In Dvinsk, he received supplicants from the entire region, and was frequently consulted on issues affecting the community at large, including Poland and Lithuania. He reportedly turned down offers for the rabbinate in various large cities, including Jerusalem, New York City and Kovno.

==Opinions==
Meir Simcha opposed the non-religious Zionist groups, but expressed his approval of Religious Zionism. After the Balfour Declaration, he was of the opinion that the Three Oaths were no longer in effect. He was present at the founding meetings of Agudath Yisrael in the German town of Bad Homburg, but could not attend the first large conference in Katowice due to poor health. He had several clashes with some of his contemporaries, including Yisrael Meir Kagan (the Chafetz Chaim) on political issues and questions of Jewish law.
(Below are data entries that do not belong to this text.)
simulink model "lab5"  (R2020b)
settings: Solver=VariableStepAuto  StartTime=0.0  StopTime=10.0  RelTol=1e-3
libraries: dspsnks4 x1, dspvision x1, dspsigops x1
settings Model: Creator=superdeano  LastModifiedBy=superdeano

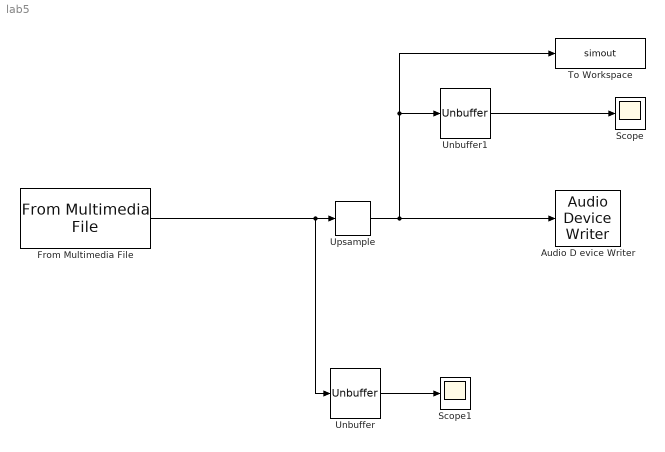
== system lab5 ==
  Audio D evice Writer : dspsnks4/Audio Device Writer  Driver=CoreAudio  Device=Default  InheritSampleRate=on  SampleRate=44100  BitDepth=16-bit integer  BufferSize=4096  NumBuffers=10  DefaultOutputChannelMapping=on  OutputChannelMapping=1:2  OutputNumUnderrunSamples=off  DriverIdx=5  DeviceWarnFlag=''
  From Multimedia File : dspvision/From Multimedia File  inputFilename=/Users/superdeano/Documents/GitHub/MATLAB/ELEC 342/Lab 5/ELEC_364_lab_5_Audio_S.wav  readRange=[1 Inf]  loop=on  numPlays=inf  outputStreams=Audio only  videoDataType=single  audioDataType=double  inheritSampleTime=on  userDefinedSampleTime=1/30  noAudioOutput=off  isIntensityVideo=off  fourcc=RGB  colorVideoFormat=Separate color signals  outputEOF=off  dataOrg=Column-major  audioFrameSize=1024  computeAudioFrameSize=off  outSamplingMode=Sample based
  Scope : Scope
  Scope1 : Scope
  To Workspace : ToWorkspace  VariableName=simout  SaveFormat=Timeseries  SampleTime=-1
      settings: MaxDataPoints=327680
  Unbuffer : Unbuffer
  Unbuffer1 : Unbuffer
  Upsample : dspsigops/Upsample  N=1  phase=0  InputProcessing=Columns as channels (frame based)  RateOptions=Enforce single-rate processing  ic=0  mode=Unused parameter value
  wires:
  From Multimedia File/1 -> Upsample/1, Unbuffer/1
  Unbuffer/1 -> Scope1/1
  Upsample/1 -> To Workspace/1, Unbuffer1/1, Audio D evice Writer/1
  Unbuffer1/1 -> Scope/1
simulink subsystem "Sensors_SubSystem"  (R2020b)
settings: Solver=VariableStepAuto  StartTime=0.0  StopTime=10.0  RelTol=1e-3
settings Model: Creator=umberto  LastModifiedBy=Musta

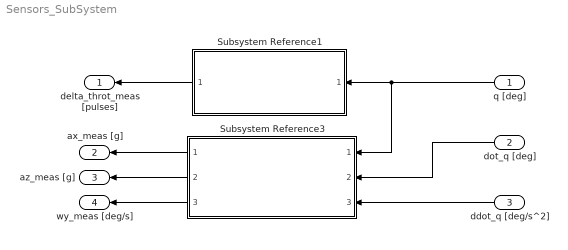
== system Sensors_SubSystem ==
  q [deg] : Inport
  dot_q [deg] : Inport  Port=2
  ddot_q [deg/s^2] : Inport  Port=3
  Subsystem Reference1 : Subsystem  ReferencedSubsystem=Encoder_SubSystem
  Subsystem Reference3 : Subsystem  ReferencedSubsystem=MPU_SubSystem
  delta_throt_meas [pulses] : Outport
  ax_meas [g] : Outport  Port=2
  az_meas [g] : Outport  Port=3
  wy_meas [deg/s] : Outport  Port=4
  wires:
  Subsystem Reference1/1 -> delta_throt_meas [pulses]/1
  Subsystem Reference3/2 -> az_meas [g]/1
  Subsystem Reference3/3 -> wy_meas [deg/s]/1
  Subsystem Reference3/1 -> ax_meas [g]/1
  q [deg]/1 -> Subsystem Reference3/1, Subsystem Reference1/1
  dot_q [deg]/1 -> Subsystem Reference3/2
  ddot_q [deg/s^2]/1 -> Subsystem Reference3/3
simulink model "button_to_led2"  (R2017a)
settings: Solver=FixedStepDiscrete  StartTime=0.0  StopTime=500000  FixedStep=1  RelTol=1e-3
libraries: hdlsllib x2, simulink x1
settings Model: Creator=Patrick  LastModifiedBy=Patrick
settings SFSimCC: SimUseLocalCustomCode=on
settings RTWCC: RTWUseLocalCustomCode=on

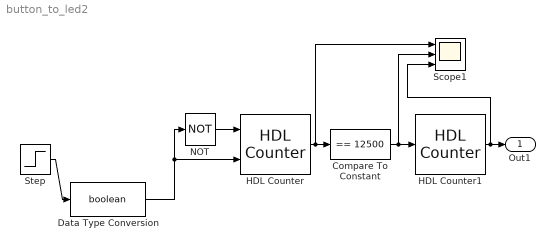
== system button_to_led2 ==
  Compare To Constant : simulink/Logic and Bit Operations/Compare To Constant  relop===  const=12500  OutDataTypeStr=boolean
  Data Type Conversion : DataTypeConversion  OutDataTypeStr=boolean
  HDL Counter : hdlsllib/HDL Operations/HDL Counter  CountType=Count limited  CountInit=0  CountStep=1  CountMax=50000  CountFromType=Initial value  CountFrom=0  CountResetPort=on  CountLoadPort=off  CountEnbPort=on  CountDirPort=off  CountDataType=Unsigned  CountWordLen=50  CountFracLen=0  CountSampTime=1
      settings: SourceProductName=HDL Coder  SourceProductBaseCode=HD
  HDL Counter1 : hdlsllib/HDL Operations/HDL Counter  CountType=Free running  CountInit=0  CountStep=1  CountMax=25  CountFromType=Initial value  CountFrom=0  CountResetPort=off  CountLoadPort=off  CountEnbPort=on  CountDirPort=off  CountDataType=Unsigned  CountWordLen=1  CountFracLen=0  CountSampTime=1
      settings: SourceProductName=HDL Coder  SourceProductBaseCode=HD
  NOT : Logic  Operator=NOT  IconShape=distinctive  AllPortsSameDT=off  OutDataTypeStr=boolean
  Scope1 : Scope  NumInputPorts=3
  Step : Step  Time=25000  SampleTime=1
  Out1 : Outport  SampleTime=1
  wires:
  HDL Counter/1 -> Scope1/1, Compare To Constant/1
  Compare To Constant/1 -> Scope1/2, HDL Counter1/1
  Step/1 -> Data Type Conversion/1
  NOT/1 -> HDL Counter/1
  HDL Counter1/1 -> Scope1/3, Out1/1
  Data Type Conversion/1 -> NOT/1, HDL Counter/2

It is harder to determine his exact stance in philosophical matters, although much can be gleaned from his Meshech Chochma. (Note: lit. 'The Price of Wisdom'; MeSheKh is an acronym for Meir Simcha Kohen—the phrase is derived from Job 28:18.) His main contribution to Jewish philosophy was to be posthumous. His student Menachem Mendel Zaks published Meshech Chochma, which contains novellae on the Torah, but very often branches off into questions of Jewish philosophy. Meir Simcha is often quoted as having predicted the Holocaust in a statement in this work: "They think that Berlin is Jerusalem ... from there will come the storm winds that will uproot them".

==Personal life and death==
Meir Simcha had one daughter with mental issues who predeceased him. He mentions a son-in-law, Avraham (Luftvir), in his book Meshech Chochma. The couple died young and are buried in Warsaw. Meir Simcha died in a hotel in Riga while seeking medical treatment. He left no living descendants. As a result of this, one of his most prominent students and close friend Yisrael Avraham Abba Krieger committed himself to carrying on his legacy.

==Works==
Meir Simcha authored Ohr Somayach (or Ohr Sameiach; lit. 'joyful light'), (Note: A play on his name, possibly derived from Proverbs 13:9.) a collection of novellae on Maimonides' Mishneh Torah. His approach is highly original, gathering material from the breadth of Jewish religious literature to approach difficult contradictions in Maimonides' main work of Jewish law. It was published during his lifetime and immediately became popular. Other works, novellae on the Talmud and responsa, did not have the same impact but are still used for reference.

- Ohr Somayach on Maimonides' Mishneh Torah.
- Ohr Somayach on Talmudic tractates Bava Kamma and Bava Metzia.
- Ohr Somayach novellae on the Talmud.
- Ohr Somayach responsa addressing many practical issues of halacha.
- Meshech Chochma on Chumash.
- Various treatises on parts of the Jerusalem Talmud.
- Comments and insights on the Sefer ha-Chinuch.

==Ohr Somayach yeshivas==
In the late 1970s, several baal teshuva yeshivas under Haredi auspices were founded and chose to honor the memory of Meir Simcha of Dvinsk by naming their institutions after his pen name "Ohr Somayach". The first of these was the yeshiva Ohr Somayach, Jerusalem in Israel, and another was Ohr Somayach, Monsey in the United States. Other branches were established in Toronto and Montreal in Canada, and in Detroit, Los Angeles, and Philadelphia. Other branches worldwide bearing the name Ohr Somayach are Ohr Somayach, South Africa, and those in London in the United Kingdom, Kiev in Ukraine, and Sydney in Australia.